Desde este punto usted puedes observar algunos de los daños duraderos causados por el huracán María que pasó el 20 de septiembre de 2017. El ojo del huracán María, de categoría 4 alta, tocó tierra por el Municipio de Yabucoa, a solo siete millas del Bosque de Pterocarpus. A nivel local, María trajo vientos máximos sostenidos de más de 145 millas por hora, acompañados por lluvias torrenciales que causaron inundaciones masivas a lo largo de la costa, que está a menos de una milla del Bosque.
Los 55 acres de Pterocarpus fueron prácticamente destruidos. Miles de árboles se perdieron, incluyendo muchos viejos Pterocarpus. La tormenta causó estragos en el hábitat para las 44 especies de flora y 52 especies de fauna del bosque. Todavía no sabemos si todos ellos sobrevivieron. La plataforma de el paseo elevado de 1.5 millas sufrió graves daños, con secciones retorcidas que no se pueden reparar y otras voladas. Casi la totalidad de los 100 letreros interpretativos que hay por el camino se perdieron. Estos recursos son esenciales para la misión educativa del Bosque.
El grupo Los Amigos del Bosque y los propietarios de viviendas de la PHA retiraron los árboles caídos y toneladas de escombros dentro y alrededor del Bosque dejado tras el huracán, en las áreas que habían sido más accesibles para los visitantes, con el fin de proteger el bosque de una mayor destrucción.
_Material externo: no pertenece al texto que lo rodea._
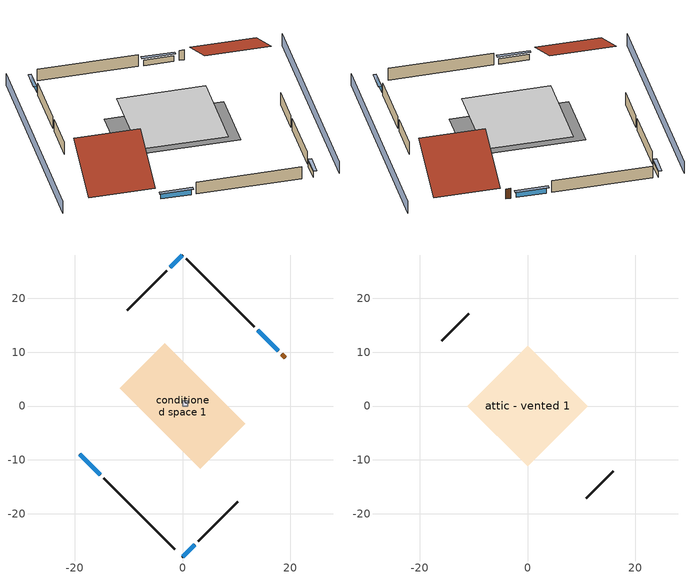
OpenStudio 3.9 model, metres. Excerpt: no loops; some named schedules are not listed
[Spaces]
conditioned space 1
 floor foundation (Slab1 construction): -11.64,3.32 -3.32,11.64 11.64,-3.32 3.32,-11.64 z0
 wall outside (Wall1 construction): -14.59,-13.44 -1.42,-26.6 z0:2.44
 wall outside (Wall2 construction): -2.94,25.09 -10.25,17.77 z0:2.44
 wall outside (Wall3 construction): 13.28,14.74 0.66,27.37 z0:2.44
 wall outside (Wall4 construction): 2.94,-25.09 10.25,-17.77 z0:2.44
 wall outside (AdiabaticWallConstruction): -19.03,-9 -15.24,-12.78 / 17.72,10.3 13.94,14.08 z0:1.16; 0,28.02 -2.28,25.74 / 0,-28.02 2.28,-25.74 z0:1.07
 wall outside (AdiabaticWallConstruction 1): 19.03,9 18.38,9.64 z0:2.03
 window (WindowConstruction): -19.03,-9 -15.24,-12.78 z0:1.16
 window (WindowConstruction 1): 0,28.02 -2.28,25.74 z0:1.07
 window (WindowConstruction 2): 17.72,10.3 13.94,14.08 z0:1.16
 window (WindowConstruction 3): 0,-28.02 2.28,-25.74 z0:1.07
 door (Door): 19.03,9 18.38,9.64 z0:2.03
central ac and furnace airloop ret air space
 floor adiabatic (AdiabaticConst): 0,0 0,1 1,1 1,0 z0
 wall adiabatic (AdiabaticConst): 0,1 0,0 1,0 1,1 0,1 z0:1
 ceiling adiabatic (AdiabaticConst): 1,0 1,1 0,1 0,0 z1
attic - vented 1
 floor to conditioned space 1 (Floor1 construction Reversed): -11.15,0 0,11.15 11.15,0 0,-11.15 z2.44
 wall outside (Wall5 construction): -10.91,17.11 -15.92,12.1 z0:2.44
 wall outside (Wall6 construction): 10.91,-17.11 15.92,-12.1 z0:2.44
 roof outside (Roof1 construction): -19.68,-8.34,2.44 -12.23,-0.88,7.71 -20.56,7.46,7.71 -28.02,0,2.44
 roof outside (Roof2 construction): 19.68,8.34,2.44 12.23,0.88,7.71 20.56,-7.46,7.71 28.02,0,2.44
shading: 3.23,-31.26 31.26,-3.23 / -3.23,31.26 -31.26,3.23 z0:2.44; -15.03,-12.99 -19.24,-8.78 -19.67,-9.21 -15.46,-13.43 z1.46; -2.49,25.53 0.22,28.24 -0.22,28.67 -2.92,25.96 z1.37; 13.73,14.3 17.94,10.08 18.37,10.51 14.16,14.73 z1.46; 2.49,-25.53 -0.22,-28.24 0.22,-28.67 2.92,-25.96 z1.37
[Site]
Portland Intl Arpt_OR: Latitude {deg}=45.59; Longitude {deg}=-122.6; Time Zone {hr}=-8; Elevation {m}=33; Terrain=Suburbs; Keep Site Location Information=Yes
[Site:GroundTemperature:Shallow]
10.2558, 8.96328, 8.85977, 9.47314, 11.9355, 14.3863, 16.5111, 17.8571, 17.9714, 16.8767, 14.8061, 12.4304
[Site:WaterMainsTemperature]
Calculation Method=Schedule; Temperature Schedule=mains temperature schedule
[Building]
Building 1
[Material] Roughness=Rough
Name | Thickness {m} | Conductivity {W/m-K} | Density {kg/m3} | Specific Heat {J/kg-K} | Thermal Absorptance | Solar Absorptance | Visible Absorptance
slate or tile shingles | 0.01905 | 0.840978 | 1899.972 | 799.717 | 0.9 | 0.75 | 0.75
roof rigid ins | 0.00329814 | 0.029427 | 32.04 | 1214.23 | 0.9 | 0.7 | 0.7
osb sheathing 0.5 in. | 0.0127 | 0.115458 | 512.64 | 1214.23 | 0.9 | 0.6 | 0.6
composite shingle siding | 0.00635 | 0.162714 | 1121.4 | 1465.45 | 0.9 | 0.7 | 0.7
wall rigid ins | 0.051816 | 0.029427 | 32.04 | 1214.23 | 0.9 | 0.7 | 0.7
osb sheathing 0.5 in. 1 | 0.0127 | 0.115458 | 512.64 | 1214.23 | 0.9 | 0.7 | 0.7
wall stud and cavity | 0.1397 | 0.207325 | 139.0536 | 1170.24 | 0.9 | 0.7 | 0.7
gypsum board | 0.0127 | 0.160291 | 801 | 837.4 | 0.9 | 0.6 | 0.6
wall stud and cavity 1 | 0.1397 | 0.348479 | 139.0536 | 1170.24 | 0.9 | 0.6 | 0.6
ceiling loosefill ins | 0.254 | 0.0480833 | 16.02 | 1046.75 | 0.9 | 0.7 | 0.7
ceiling stud and cavity | 0.1397 | 0.104117 | 65.682 | 1177.47 | 0.9 | 0.7 | 0.7
exterior vertical ins | 0.051816 | 0.029427 | 32.04 | 1214.23
concrete 4.0 in. | 0.1016 | 1.803125 | 2242.8 | 837.4 | 0.9 | 0.7 | 0.7
floor covering | 0.0127 | 0.0450781 | 54.468 | 1339.84 | 0.9 | 0.9 | 0.9
wood siding; wood siding 1 | 0.0254 | 0.102417 | 544.68 | 1172.36
wall rigid ins 1 | 0.512978 | 0.029427 | 32.04 | 1214.23 | 0.9 | 0.7 | 0.7
wall stud and cavity 2 | 0.0889 | 0.380278 | 52.3479 | 1209.89 | 0.9 | 0.7 | 0.7
door material | 0.04445 | 0.0612267 | 512.64 | 1214.23 | 0.9 | 0.7 | 0.7
wall stud and cavity 3 | 0.0889 | 0.391764 | 83.0341 | 1211.67 | 0.9 | 0.7 | 0.7
furniture material conditioned space 1 | 0.1524 | 0.115458 | 640.8 | 1214.23 | 0.9 | 0.6 | 0.6
[Construction]
Roof1 construction; Roof2 construction: slate or tile shingles, roof rigid ins, osb sheathing 0.5 in.
Wall1 construction; Wall2 construction; Wall3 construction; Wall4 construction: composite shingle siding, wall rigid ins, osb sheathing 0.5 in. 1, wall stud and cavity, gypsum board
Wall5 construction; Wall6 construction: composite shingle siding, osb sheathing 0.5 in. 1, wall stud and cavity 1
Floor1 construction Reversed: gypsum board, ceiling stud and cavity, ceiling loosefill ins
Slab1 construction: concrete 4.0 in., floor covering
WindowConstruction; WindowConstruction 1; WindowConstruction 2; WindowConstruction 3: WindowMaterial
AdiabaticWallConstruction: wood siding, wall rigid ins 1, wall stud and cavity 2, gypsum board
Door: door material
AdiabaticWallConstruction 1: wood siding 1, wall rigid ins 1, wall stud and cavity 2, gypsum board
PartitionWallConstruction: gypsum board, wall stud and cavity 3, gypsum board
furniture construction conditioned space 1: furniture material conditioned space 1
AdiabaticConst: Adiabatic
[WindowMaterial:SimpleGlazingSystem]
WindowMaterial: U-Factor {W/m2-K}=1.93052; Solar Heat Gain Coefficient=0.49
[Material:NoMass]
Adiabatic: Roughness=Rough; Thermal Resistance {m2-K/W}=176.1
[ThermalZone] Multiplier=1; Use Ideal Air Loads=No
Name | Volume {m3} | Thermostat
conditioned space | 606.66 | conditioned space temperature setpoint
attic - vented | 292.499
central ac and furnace airloop ret air zone | 1
[Sizing:Zone] Zone Cooling Design Supply Air Temperature Input Method=SupplyAirTemperature; Zone Cooling Design Supply Air Temperature {C}=14; Zone Cooling Design Supply Air Temperature Difference {deltaC}=11.11; Zone Heating Design Supply Air Temperature Input Method=SupplyAirTemperature; Zone Heating Design Supply Air Temperature {C}=40; Zone Heating Design Supply Air Temperature Difference {deltaC}=11.11; Zone Cooling Design Supply Air Humidity Ratio {kg-H2O/kg-air}=0.0085; Zone Heating Design Supply Air Humidity Ratio {kg-H2O/kg-air}=0.008; Cooling Design Air Flow Method=DesignDay; Heating Design Air Flow Method=DesignDay; Account for Dedicated Outdoor Air System=No; Dedicated Outdoor Air System Control Strategy=NeutralSupplyAir; Dedicated Outdoor Air Low Setpoint Temperature for Design {C}=autosize; Dedicated Outdoor Air High Setpoint Temperature for Design {C}=autosize; Zone Load Sizing Method=Sensible Load Only No Latent Load; Zone Latent Cooling Design Supply Air Humidity Ratio Input Method=HumidityRatioDifference; Zone Cooling Design Supply Air Humidity Ratio Difference {kgWater/kgDryAir}=0.005; Zone Latent Heating Design Supply Air Humidity Ratio Input Method=HumidityRatioDifference; Zone Humidification Design Supply Air Humidity Ratio Difference {kgWater/kgDryAir}=0.005; Sizing Option=Coincident
attic - vented; central ac and furnace airloop ret air zone
[Space]
Name | Thermal Zone | Volume {m3}
conditioned space 1 | conditioned space | 606.66
attic - vented 1 | attic - vented | 292.499
central ac and furnace airloop ret air space | central ac and furnace airloop ret air zone
[ThermostatSetpoint:DualSetpoint]
conditioned space temperature setpoint: Heating Setpoint Temperature Schedule=heating setpoint; Cooling Setpoint Temperature Schedule=cooling setpoint; Temperature Difference Between Cutout And Setpoint {deltaC}=0
[Foundation:Kiva]
Foundation Kiva 1: Initial Indoor Air Temperature {C}=22.2222; Exterior Vertical Insulation Material=exterior vertical ins; Exterior Vertical Insulation Depth {m}=0.6096; Wall Height Above Grade {m}=0.1016; Wall Depth Below Slab {m}=0.2032
[Foundation:Kiva:Settings]
Soil Conductivity {W/m-K}=1.3848; Soil Density {kg/m3}=1842.3; Soil Specific Heat {J/kg-K}=418.7; Ground Solar Absorptivity=0.9; Ground Thermal Absorptivity=0.9; Ground Surface Roughness {m}=0.03; Far-Field Width {m}=40; Deep-Ground Boundary Condition=ZeroFlux; Deep-Ground Depth {m}=40; Minimum Cell Dimension {m}=0.2; Maximum Cell Growth Coefficient=3; Simulation Timestep=Timestep
[SurfaceProperty:ExposedFoundationPerimeter]
Slab1: Exposed Perimeter Calculation Method=TotalExposedPerimeter; Total Exposed Perimeter {m}=65.8368
[SurfaceProperty:IncidentSolarMultiplier] Incident Solar Multiplier=1; Incident Solar Multiplier Schedule=trans schedule winter=0.85 summer=0.7
Window1; Window2; Window3; Window4
[InternalMass:Definition] Design Level Calculation Method=SurfaceArea
Name | Construction | Surface Area {m2}
partition wall mass | PartitionWallConstruction | 248.794
furniture mass conditioned space 1 | furniture construction conditioned space 1 | 99.51774
[InternalMass] Space or SpaceType=conditioned space 1; Multiplier=1
Name | Internal Mass Definition
partition wall mass | partition wall mass
furniture mass conditioned space 1 | furniture mass conditioned space 1
[Fan:SystemModel]
central ac and furnace supply fan: Availability Schedule=Always On Discrete; Design Maximum Air Flow Rate {m3/s}=0.376614; Speed Control Method=Discrete; Electric Power Minimum Flow Rate Fraction=0.2; Design Pressure Rise {Pa}=500; Motor Efficiency=1; Motor In Air Stream Fraction=1; Design Electric Power Consumption {W}=autosize; Design Power Sizing Method=PowerPerFlow; Electric Power Per Unit Flow Rate {W/(m3/s)}=794.58; Electric Power Per Unit Flow Rate Per Unit Pressure {W-s/m3-Pa}=1.66667; Fan Total Efficiency=0.7; Motor Loss Radiative Fraction=0; Speed Flow Fraction 1=0.74311; Speed Electric Power Fraction 1=0.41035; Speed Flow Fraction 2=1; Speed Electric Power Fraction 2=1
[EnergyManagementSystem:Sensor]
Name | Output Variable or Output Meter Index Key | Output Variable or Output Meter
central_ac_and_furnace_supply_fan_s; central_ac_and_furnace_supply_fan_s_1 | central ac and furnace supply fan | Fan Electricity Energy
water_heater_T_set | water heater setpoint | Schedule Value
out_pb_s |  | Site Outdoor Air Barometric Pressure
out_wt_s |  | Site Outdoor Air Humidity Ratio
site_vw_s |  | Site Wind Speed
cool_season | cooling season schedule | Schedule Value
central_ac_and_furnace_airloop_Fan_RTF_s | central ac and furnace supply fan | Fan Runtime Fraction Speed 1
central_ac_and_furnace_airloop_Fan_RTF_s_1 | central ac and furnace supply fan | Fan Runtime Fraction Speed 2
central_ac_and_furnace_airloop_AH_MFR_s | Node 5 | System Node Mass Flow Rate
central_ac_and_furnace_airloop_AH_VFR_s | Node 5 | System Node Current Density Volume Flow Rate
central_ac_and_furnace_airloop_AH_Tout_s | Node 5 | System Node Temperature
central_ac_and_furnace_airloop_AH_Wout_s | Node 5 | System Node Humidity Ratio
central_ac_and_furnace_airloop_RA_T_s | Node 8 | System Node Temperature
central_ac_and_furnace_airloop_Ra_W_s | Node 8 | System Node Humidity Ratio
central_ac_and_furnace_airloop_0_DZ_T_s | attic - vented | Zone Air Temperature
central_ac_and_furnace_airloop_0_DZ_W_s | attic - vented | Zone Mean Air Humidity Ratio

En la misma área, se salvaron muchos árboles y se replantaron árboles caídos, cuidando a los supervivientes, y se plantaron nuevos árboles endémicos y nativos para reemplazar los que se perdieron.
El área está poblada por especies de plantas invasoras. Este lugar es uno desde el que podrá, con el tiempo -posiblemente décadas-, ser testigo de la recuperación del ecosistema.